Segment Start: DATA TO EXAMINE

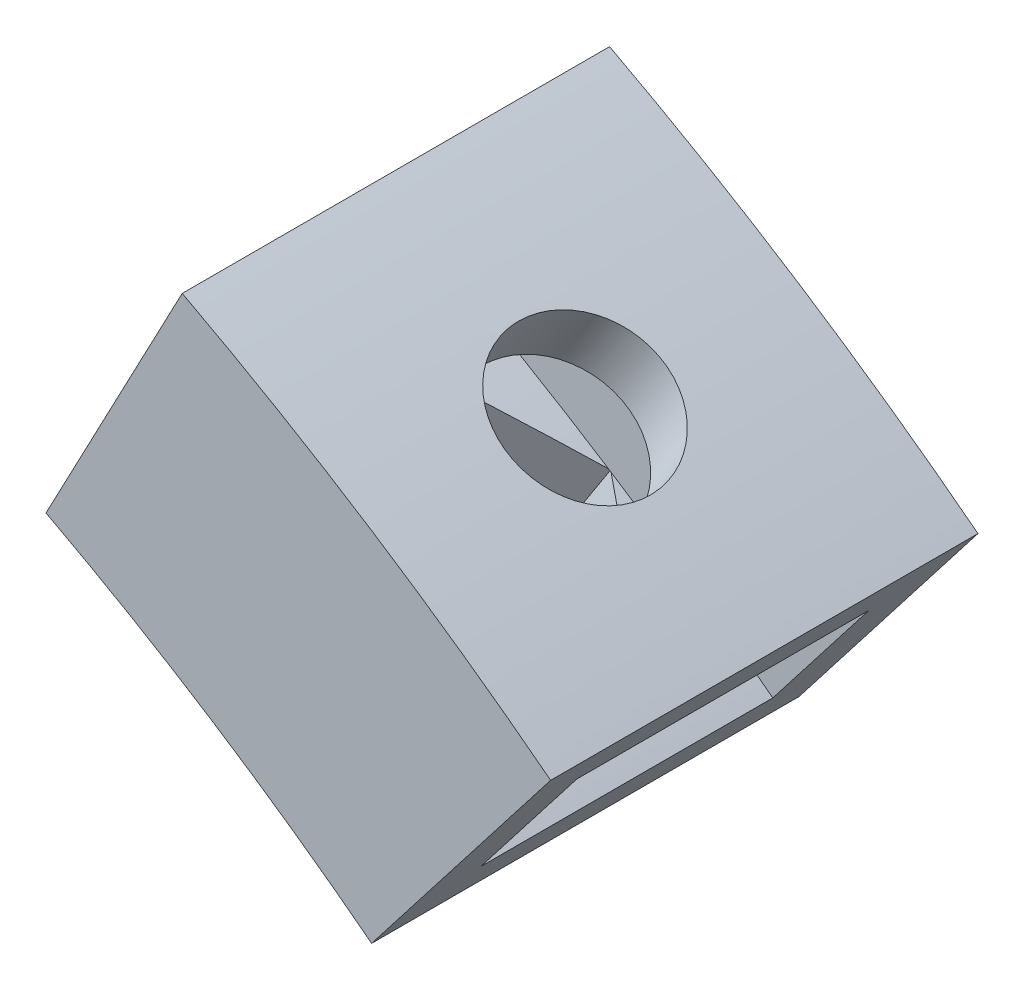
ISO-10303-21;
HEADER;
FILE_DESCRIPTION(('STEP AP214'),'2;1');
FILE_NAME('part.step','',(''),(''),'','','');
FILE_SCHEMA(('AUTOMOTIVE_DESIGN { 1 0 10303 214 1 1 1 1 }'));
ENDSEC;
DATA;
#1=APPLICATION_CONTEXT('core data for automotive mechanical design processes');
#2=APPLICATION_PROTOCOL_DEFINITION('international standard','automotive_design',2000,#1);
#3=PRODUCT_CONTEXT('',#1,'mechanical');
#4=PRODUCT('Part','Part','',(#3));
#5=PRODUCT_RELATED_PRODUCT_CATEGORY('part','',(#4));
#6=PRODUCT_DEFINITION_FORMATION('','',#4);
#7=PRODUCT_DEFINITION_CONTEXT('part definition',#1,'design');
#8=PRODUCT_DEFINITION('design','',#6,#7);
#9=PRODUCT_DEFINITION_SHAPE('','',#8);
#10=(LENGTH_UNIT() NAMED_UNIT(*) SI_UNIT(.MILLI.,.METRE.));
#11=(NAMED_UNIT(*) PLANE_ANGLE_UNIT() SI_UNIT($,.RADIAN.));
#12=(NAMED_UNIT(*) SI_UNIT($,.STERADIAN.) SOLID_ANGLE_UNIT());
#13=UNCERTAINTY_MEASURE_WITH_UNIT(LENGTH_MEASURE(1.E-05),#10,'distance_accuracy_value','');
#14=(GEOMETRIC_REPRESENTATION_CONTEXT(3) GLOBAL_UNCERTAINTY_ASSIGNED_CONTEXT((#13)) GLOBAL_UNIT_ASSIGNED_CONTEXT((#10,
#11,#12)) REPRESENTATION_CONTEXT('',''));
#15=CARTESIAN_POINT('',(0.,0.,0.));
#16=DIRECTION('',(0.,0.,1.));
#17=DIRECTION('',(1.,0.,0.));
#18=AXIS2_PLACEMENT_3D('',#15,#16,#17);
#19=CARTESIAN_POINT('',(2.00000000000008,25.,6.35));
#20=DIRECTION('',(0.,0.,1.));
#21=DIRECTION('',(1.,0.,0.));
#22=AXIS2_PLACEMENT_3D('',#19,#20,#21);
#23=CYLINDRICAL_SURFACE('',#22,107.45);
#24=CARTESIAN_POINT('',(2.00000000000008,25.,6.8924075135857));
#25=DIRECTION('',(-0.420243080128222,0.270916506703347,0.866025403784438));
#26=DIRECTION('',(0.727882366311319,-0.469241154219272,0.5));
#27=AXIS2_PLACEMENT_3D('',#24,#25,#26);
#28=ELLIPSE('',#27,124.072572848851,107.45);
#29=CARTESIAN_POINT('',(55.1131937531535,118.404984606497,3.44620375679288));
#30=VERTEX_POINT('',#29);
#31=CARTESIAN_POINT('',(60.1582151263532,115.350026070348,6.85));
#32=VERTEX_POINT('',#31);
#33=EDGE_CURVE('E207',#30,#32,#28,.F.);
#34=ORIENTED_EDGE('',*,*,#33,.F.);
#35=DIRECTION('',(0.,0.,1.));
#36=VECTOR('',#35,1.);
#37=CARTESIAN_POINT('',(55.1131937531535,118.404984606497,6.35));
#38=LINE('',#37,#36);
#39=CARTESIAN_POINT('',(55.1131937531534,118.404984606497,-3.44620375679288));
#40=VERTEX_POINT('',#39);
#41=EDGE_CURVE('E415',#40,#30,#38,.T.);
#42=ORIENTED_EDGE('',*,*,#41,.F.);
#43=CARTESIAN_POINT('',(2.00000000000008,25.,-6.89240751358571));
#44=DIRECTION('',(-0.420243080128222,0.270916506703348,-0.866025403784438));
#45=DIRECTION('',(-0.727882366311319,0.469241154219272,0.500000000000001));
#46=AXIS2_PLACEMENT_3D('',#43,#44,#45);
#47=ELLIPSE('',#46,124.072572848851,107.45);
#48=CARTESIAN_POINT('',(60.1582151263532,115.350026070348,-6.85));
#49=VERTEX_POINT('',#48);
#50=EDGE_CURVE('E187',#49,#40,#47,.F.);
#51=ORIENTED_EDGE('',*,*,#50,.F.);
#52=CARTESIAN_POINT('',(2.00000000000008,25.,-6.85));
#53=DIRECTION('',(0.,0.,1.));
#54=DIRECTION('',(1.,0.,0.));
#55=AXIS2_PLACEMENT_3D('',#52,#53,#54);
#56=CIRCLE('',#55,107.45);
#57=CARTESIAN_POINT('',(52.1273569123766,120.040783819259,-6.85));
#58=VERTEX_POINT('',#57);
#59=EDGE_CURVE('E290',#49,#58,#56,.T.);
#60=ORIENTED_EDGE('',*,*,#59,.T.);
#61=DIRECTION('',(0.,0.,-1.));
#62=VECTOR('',#61,1.);
#63=CARTESIAN_POINT('',(52.1273569123766,120.040783819259,6.85));
#64=LINE('',#63,#62);
#65=CARTESIAN_POINT('',(52.1273569123766,120.040783819259,6.85));
#66=VERTEX_POINT('',#65);
#67=EDGE_CURVE('E375',#66,#58,#64,.T.);
#68=ORIENTED_EDGE('',*,*,#67,.F.);
#69=CARTESIAN_POINT('',(2.00000000000008,25.,6.85));
#70=DIRECTION('',(0.,0.,1.));
#71=DIRECTION('',(1.,0.,0.));
#72=AXIS2_PLACEMENT_3D('',#69,#70,#71);
#73=CIRCLE('',#72,107.45);
#74=EDGE_CURVE('E298',#32,#66,#73,.T.);
#75=ORIENTED_EDGE('',*,*,#74,.F.);
#76=EDGE_LOOP('',(#34,#42,#51,#60,#68,#75));
#77=FACE_BOUND('',#76,.T.);
#78=ADVANCED_FACE('F43',(#77),#23,.T.);
#79=CARTESIAN_POINT('',(65.9231162623651,107.383923385016,-10.025));
#80=DIRECTION('',(0.,0.,1.));
#81=DIRECTION('',(1.,0.,0.));
#82=AXIS2_PLACEMENT_3D('',#79,#80,#81);
#83=PLANE('',#82);
#84=CARTESIAN_POINT('',(2.00000000000008,25.,-10.025));
#85=DIRECTION('',(0.,0.,1.));
#86=DIRECTION('',(1.,0.,0.));
#87=AXIS2_PLACEMENT_3D('',#84,#85,#86);
#88=CIRCLE('',#87,117.975);
#89=CARTESIAN_POINT('',(74.3215501419566,118.20780015677,-10.025));
#90=VERTEX_POINT('',#89);
#91=CARTESIAN_POINT('',(57.0374586480934,129.350269623798,-10.025));
#92=VERTEX_POINT('',#91);
#93=EDGE_CURVE('E322',#90,#92,#88,.T.);
#94=ORIENTED_EDGE('',*,*,#93,.F.);
#95=DIRECTION('',(0.6130243707731,0.790063997938296,0.));
#96=VECTOR('',#95,1.);
#97=CARTESIAN_POINT('',(65.9231162623651,107.383923385016,-10.025));
#98=LINE('',#97,#96);
#99=CARTESIAN_POINT('',(65.9231162623651,107.383923385016,-10.025));
#100=VERTEX_POINT('',#99);
#101=EDGE_CURVE('E332',#100,#90,#98,.T.);
#102=ORIENTED_EDGE('',*,*,#101,.F.);
#103=CARTESIAN_POINT('',(2.00000000000008,25.,-10.025));
#104=DIRECTION('',(0.,0.,1.));
#105=DIRECTION('',(1.,0.,0.));
#106=AXIS2_PLACEMENT_3D('',#103,#104,#105);
#107=CIRCLE('',#106,104.275);
#108=CARTESIAN_POINT('',(50.6461623270179,117.232459122878,-10.025));
#109=VERTEX_POINT('',#108);
#110=EDGE_CURVE('E69',#100,#109,#107,.T.);
#111=ORIENTED_EDGE('',*,*,#110,.T.);
#112=DIRECTION('',(0.466517979640545,0.884511715395621,0.));
#113=VECTOR('',#112,1.);
#114=CARTESIAN_POINT('',(50.6461623270179,117.232459122878,-10.025));
#115=LINE('',#114,#113);
#116=EDGE_CURVE('E329',#109,#92,#115,.T.);
#117=ORIENTED_EDGE('',*,*,#116,.T.);
#118=EDGE_LOOP('',(#94,#102,#111,#117));
#119=FACE_BOUND('',#118,.T.);
#120=ADVANCED_FACE('F261',(#119),#83,.F.);
#121=CARTESIAN_POINT('',(2.00000000000008,25.,6.35));
#122=DIRECTION('',(0.,0.,1.));
#123=DIRECTION('',(1.,0.,0.));
#124=AXIS2_PLACEMENT_3D('',#121,#122,#123);
#125=CYLINDRICAL_SURFACE('',#124,117.975);
#126=CARTESIAN_POINT('',(62.8029414199607,126.099470521268,0.));
#127=CARTESIAN_POINT('',(62.8029495165777,126.099466220601,-0.206372626392673));
#128=CARTESIAN_POINT('',(62.8178977873018,126.090480174403,-0.412893617834125));
#129=CARTESIAN_POINT('',(62.8772958156336,126.054720991092,-0.8202442186931));
#130=CARTESIAN_POINT('',(62.921780791923,126.027926619828,-1.02106673498274));
#131=CARTESIAN_POINT('',(63.0389090161015,125.957203133765,-1.4110601853181));
#132=CARTESIAN_POINT('',(63.1115384632237,125.91328241688,-1.60023677738864));
#133=CARTESIAN_POINT('',(63.282762764463,125.809392379523,-1.96160960106666));
#134=CARTESIAN_POINT('',(63.3813512893251,125.749426970957,-2.13380995771587));
#135=CARTESIAN_POINT('',(63.6016126375272,125.614902252788,-2.45647785291352));
#136=CARTESIAN_POINT('',(63.7232948580627,125.540337001882,-2.6069365003585));
#137=CARTESIAN_POINT('',(63.9861235302592,125.378508062639,-2.8817751217911));
#138=CARTESIAN_POINT('',(64.1272707575135,125.291243868298,-3.00615405612077));
#139=CARTESIAN_POINT('',(64.4249086000639,125.106253913639,-3.2253174131053));
#140=CARTESIAN_POINT('',(64.5814020444935,125.008526224029,-3.32009636536239));
#141=CARTESIAN_POINT('',(64.9051478286196,124.805207790806,-3.47733377303638));
#142=CARTESIAN_POINT('',(65.0724001235013,124.699617079945,-3.53979236307031));
#143=CARTESIAN_POINT('',(65.4127724237043,124.483473632401,-3.63059658463169));
#144=CARTESIAN_POINT('',(65.5858904926997,124.37292252934,-3.65895336271014));
#145=CARTESIAN_POINT('',(65.9330881558451,124.149903826806,-3.68078335865567));
#146=CARTESIAN_POINT('',(66.1071677459921,124.037436235308,-3.67425672163718));
#147=CARTESIAN_POINT('',(66.4512930378886,123.81383280504,-3.62651455667658));
#148=CARTESIAN_POINT('',(66.6213401177839,123.702696517903,-3.58531106077814));
#149=CARTESIAN_POINT('',(66.9526961438451,123.484959350499,-3.46940340935781));
#150=CARTESIAN_POINT('',(67.1140050700372,123.378358480598,-3.3946991772632));
#151=CARTESIAN_POINT('',(67.4234382270066,123.172852142706,-3.21389683984375));
#152=CARTESIAN_POINT('',(67.5715601368659,123.073948029729,-3.10779322237277));
#153=CARTESIAN_POINT('',(67.8505209774469,122.886862071692,-2.8672081078721));
#154=CARTESIAN_POINT('',(67.9813598650361,122.798680253391,-2.73272654002294));
#155=CARTESIAN_POINT('',(68.2222459223635,122.635731038115,-2.43913486189143));
#156=CARTESIAN_POINT('',(68.3322842338592,122.560969356991,-2.28001431096266));
#157=CARTESIAN_POINT('',(68.5285249622798,122.427255620289,-1.94169834637941));
#158=CARTESIAN_POINT('',(68.6147273752004,122.368303567368,-1.76250292935245));
#159=CARTESIAN_POINT('',(68.7609783006208,122.268084694122,-1.38911801062646));
#160=CARTESIAN_POINT('',(68.8210265280352,122.226818066573,-1.19492834551445));
#161=CARTESIAN_POINT('',(68.9133571759096,122.163297719665,-0.797069987249016));
#162=CARTESIAN_POINT('',(68.9456396779101,122.141043944472,-0.593401321934711));
#163=CARTESIAN_POINT('',(68.9815673016802,122.116274400647,-0.182458120883018));
#164=CARTESIAN_POINT('',(68.9852244553971,122.113750339127,0.0248148631490834));
#165=CARTESIAN_POINT('',(68.9638353190534,122.128500177096,0.437163506354018));
#166=CARTESIAN_POINT('',(68.9387890649607,122.145774051777,0.642239168279964));
#167=CARTESIAN_POINT('',(68.8606707292865,122.19955534612,1.04433102243375));
#168=CARTESIAN_POINT('',(68.8076041244301,122.236059007215,1.2413487815159));
#169=CARTESIAN_POINT('',(68.6748689408076,122.32712323558,1.62178030440115));
#170=CARTESIAN_POINT('',(68.5952003040792,122.381683842194,1.8051940385618));
#171=CARTESIAN_POINT('',(68.4113685829763,122.507143782334,2.15327831960398));
#172=CARTESIAN_POINT('',(68.3071973149612,122.578048574501,2.31794257701402));
#173=CARTESIAN_POINT('',(68.0771852130066,122.733952497434,2.62379049924137));
#174=CARTESIAN_POINT('',(67.9513443201075,122.81895166655,2.76497410016949));
#175=CARTESIAN_POINT('',(67.6813644755462,123.000435716536,3.01990176385725));
#176=CARTESIAN_POINT('',(67.5372192679838,123.096924523537,3.13363640660482));
#177=CARTESIAN_POINT('',(67.234616675129,123.298415095514,3.33037322583278));
#178=CARTESIAN_POINT('',(67.0761593234088,123.403416840523,3.41337547440015));
#179=CARTESIAN_POINT('',(66.74935061902,123.618763302225,3.5462748590417));
#180=CARTESIAN_POINT('',(66.5810010956068,123.729107030422,3.59617809492772));
#181=CARTESIAN_POINT('',(66.2390928498153,123.951913545389,3.6614828885046));
#182=CARTESIAN_POINT('',(66.0655341330894,124.064376329861,3.67688448363088));
#183=CARTESIAN_POINT('',(65.7181912414749,124.288143264432,3.67274810044119));
#184=CARTESIAN_POINT('',(65.5444071936622,124.399447886373,3.65322495996852));
#185=CARTESIAN_POINT('',(65.2015011708493,124.617830792783,3.57982382024783));
#186=CARTESIAN_POINT('',(65.0323792050633,124.724909068899,3.52594575310522));
#187=CARTESIAN_POINT('',(64.7036683028243,124.931918655813,3.38536629617609));
#188=CARTESIAN_POINT('',(64.544079523212,125.031849849033,3.29866436654115));
#189=CARTESIAN_POINT('',(64.2390807130739,125.221902728704,3.09490317954418));
#190=CARTESIAN_POINT('',(64.0936701734583,125.312024767381,2.97784501271845));
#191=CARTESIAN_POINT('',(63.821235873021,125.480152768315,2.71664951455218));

Segment End: DATA TO EXAMINE

[INSTRUCTIONS TO FOLLOW]:
Using the entries above, give again exactly the lines from the line holding "#75=ORIENTED_EDGE('',*,*,#74,.F.);" through the line holding "#100=VERTEX_POINT('',#99);". Include both end lines and nothing else.

[RESPONSE AREA]:
#75=ORIENTED_EDGE('',*,*,#74,.F.);
#76=EDGE_LOOP('',(#34,#42,#51,#60,#68,#75));
#77=FACE_BOUND('',#76,.T.);
#78=ADVANCED_FACE('F43',(#77),#23,.T.);
#79=CARTESIAN_POINT('',(65.9231162623651,107.383923385016,-10.025));
#80=DIRECTION('',(0.,0.,1.));
#81=DIRECTION('',(1.,0.,0.));
#82=AXIS2_PLACEMENT_3D('',#79,#80,#81);
#83=PLANE('',#82);
#84=CARTESIAN_POINT('',(2.00000000000008,25.,-10.025));
#85=DIRECTION('',(0.,0.,1.));
#86=DIRECTION('',(1.,0.,0.));
#87=AXIS2_PLACEMENT_3D('',#84,#85,#86);
#88=CIRCLE('',#87,117.975);
#89=CARTESIAN_POINT('',(74.3215501419566,118.20780015677,-10.025));
#90=VERTEX_POINT('',#89);
#91=CARTESIAN_POINT('',(57.0374586480934,129.350269623798,-10.025));
#92=VERTEX_POINT('',#91);
#93=EDGE_CURVE('E322',#90,#92,#88,.T.);
#94=ORIENTED_EDGE('',*,*,#93,.F.);
#95=DIRECTION('',(0.6130243707731,0.790063997938296,0.));
#96=VECTOR('',#95,1.);
#97=CARTESIAN_POINT('',(65.9231162623651,107.383923385016,-10.025));
#98=LINE('',#97,#96);
#99=CARTESIAN_POINT('',(65.9231162623651,107.383923385016,-10.025));
#100=VERTEX_POINT('',#99);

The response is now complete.